~ NOVEMBER 2022 ~
Many people come to therapy when their relationship is on the brink of collapse. They ask questions like:
- “Should I have seen this coming?”
- “Why do I always feel like I’m failing at love? Is it all my fault?”
- “Is there any way I can stop the ship from sinking?”
- “What does this mean for my future?”
Whether it’s a relatively new relationship or a long-time marriage, breaking up is hard. Research published in the Journal of Family Psychology shows that breakups increase psychological distress and reduce life satisfaction. Often, the negative effects of a breakup can impact one’s mental health for months, even years, after the dissolution.
After a relationship goes south, it’s important to take stock of what went wrong. This can be done by yourself or with the help of a therapist and it can prevent you from entering a similarly vulnerable situation in the future.
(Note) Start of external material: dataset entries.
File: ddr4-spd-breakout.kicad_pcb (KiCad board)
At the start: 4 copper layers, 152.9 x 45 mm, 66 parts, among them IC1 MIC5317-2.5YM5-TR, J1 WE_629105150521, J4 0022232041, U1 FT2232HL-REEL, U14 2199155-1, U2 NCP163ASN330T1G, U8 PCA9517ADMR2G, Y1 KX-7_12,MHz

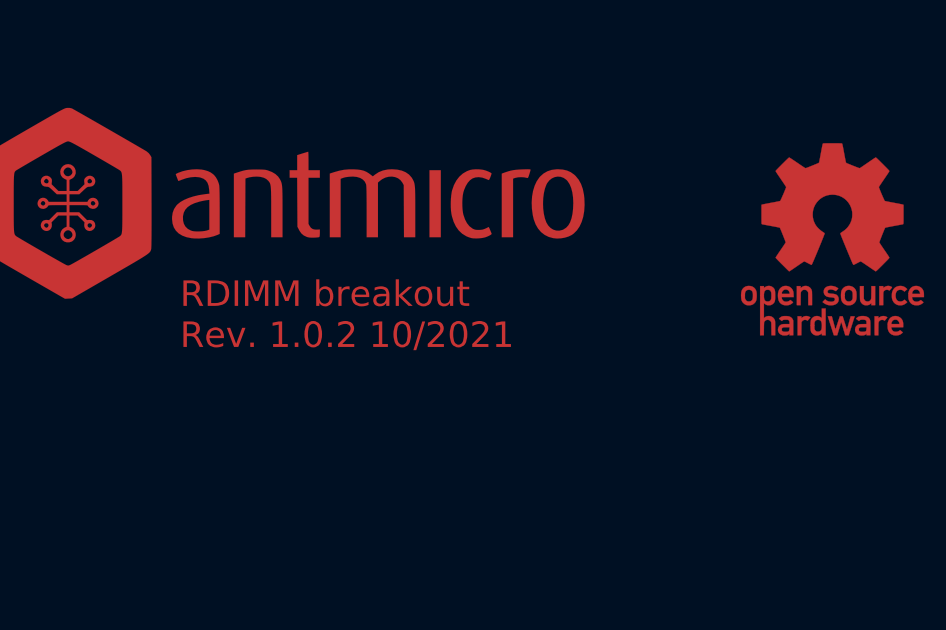
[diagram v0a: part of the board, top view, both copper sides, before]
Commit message: Update naming convention
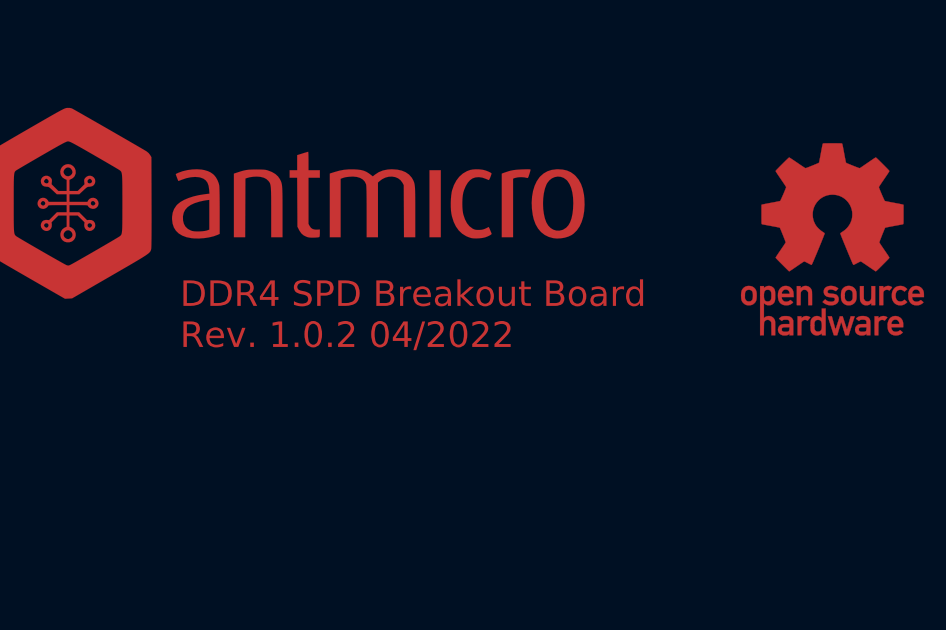
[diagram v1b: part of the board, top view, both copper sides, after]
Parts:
- 1V8_FT1, 2V5, 3V3, 5V0, TP1, TP12, TP2: footprint rdimm-breakout-footprints:Testpoint_smd_1mm -> ddr4-spd-breakout-footprints:Testpoint_smd_1mm
- C1, C10, C11, C12, C13, C14, C15, C16, C17, C18, C19, C2, C20, C21, C22, C23, C3, C4, C5, C6, C7, C8, C9: footprint rdimm-breakout-footprints:0402-cap -> ddr4-spd-breakout-footprints:0402-cap
- D1: footprint rdimm-breakout-footprints:TPD2E009DRTR -> ddr4-spd-breakout-footprints:TPD2E009DRTR
- FB1, FB2, FB3: footprint rdimm-breakout-footprints:0603 -> ddr4-spd-breakout-footprints:0603
- IC1, U2: footprint rdimm-breakout-footprints:SOT-23-5 -> ddr4-spd-breakout-footprints:SOT-23-5
- J1: footprint rdimm-breakout-footprints:USB_Micro_B_Female_629105150521 -> ddr4-spd-breakout-footprints:USB_Micro_B_Female_629105150521
- J4: footprint rdimm-breakout-footprints:PinHeader_1x4_P2.54mm_Drill1.02mm -> ddr4-spd-breakout-footprints:PinHeader_1x4_P2.54mm_Drill1.02mm
- N1: footprint rdimm-breakout-footprints:oshw-logo -> ddr4-spd-breakout-footprints:oshw-logo
- N2: footprint rdimm-breakout-footprints:antmicro-logo_scaled_20mm -> ddr4-spd-breakout-footprints:antmicro-logo_scaled_20mm
- PWR1: footprint rdimm-breakout-footprints:LED_0603 -> ddr4-spd-breakout-footprints:LED_0603
- R1, R12, R5, R6: footprint rdimm-breakout-footprints:0603-res -> ddr4-spd-breakout-footprints:0603-res
- R10, R11, R119, R164, R165, R166, R167, R168, R169, R170, R2, R3, R4, R7, R8, R9: footprint rdimm-breakout-footprints:0402-res -> ddr4-spd-breakout-footprints:0402-res
- S3: footprint rdimm-breakout-footprints:Switch_Slide_MSS3 -> ddr4-spd-breakout-footprints:Switch_Slide_MSS3
- U1: footprint rdimm-breakout-footprints:LQFP-64_10x10mm -> ddr4-spd-breakout-footprints:LQFP-64_10x10mm
- U14: footprint rdimm-breakout-footprints:2199155-1 -> ddr4-spd-breakout-footprints:2199155-1
- U8: footprint rdimm-breakout-footprints:TSSOP-8_W3mm -> ddr4-spd-breakout-footprints:TSSOP-8_W3mm
- Y1: footprint rdimm-breakout-footprints:KX-7 -> ddr4-spd-breakout-footprints:KX-7
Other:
- board text added: "DDR4 SPD Breakout Board Rev. 1.0.2 04/2022"
- board text removed: "RDIMM breakout Rev. 1.0.2 10/2021"

It’s also important to orient yourself to the common things that lead to breakups. This can help normalize your own situation and perhaps steer you down a better path in the future. Remember, breaking up is a part of life: approximately half of first-time marriages end in divorce and research shows that more than one in three unmarried people between the age of 18 and 35 have experienced at least one breakup in the past two years. In other words, this is not just a ‘you’ problem.
Here are the top 12 reasons why couples break up, according to scientific research conducted on couples in Britain and published in the journal PLOS-ONE.
- Grew apart
- Lack of respect
- Different interests
- Money problems
- Not sharing housework
- Difficulties with sex
- Domestic violence
- Not having children
Interestingly, the results were relatively consistent for men and women. Both genders cited ‘growing apart’ and ‘arguments’ as the top two dissolution factors. ‘Lack of respect’ was a more important factor for women than men, as were ‘money problems,’ ‘not sharing household responsibilities,’ and ‘domestic violence.’
Other research published in the Journal of Social and Personal Relationships found that many problems that ultimately led to a divorce (e.g., communication issues, infidelity, etc.) were present at the start of the relationship. It’s important to tune into warning signs early and not expect these things to correct themselves on their own.
It’s also important to keep in mind that, as hard as it may seem, you do heal after a breakup. One study found that divorcing couples reap significant psychological gains from the dissolution of their marriages and that men and women tend to benefit equally.
“Divorce works,” state the authors. “The evidence suggests that marital dissolution eventually produces a rise in psychological well-being. For those couples who take it, the leap into the dark seems to improve their lives.”
Breaking up can be an emotionally devastating experience. But it’s important to learn from it. Take time to reflect on what went wrong and what you might be able to do in the future to protect yourself from another letdown. Research suggests that breakups hurt more when couples’ lives are more intertwined (e.g., you live together, you share finances, you have children or pets together, you share the same friend network, etc.).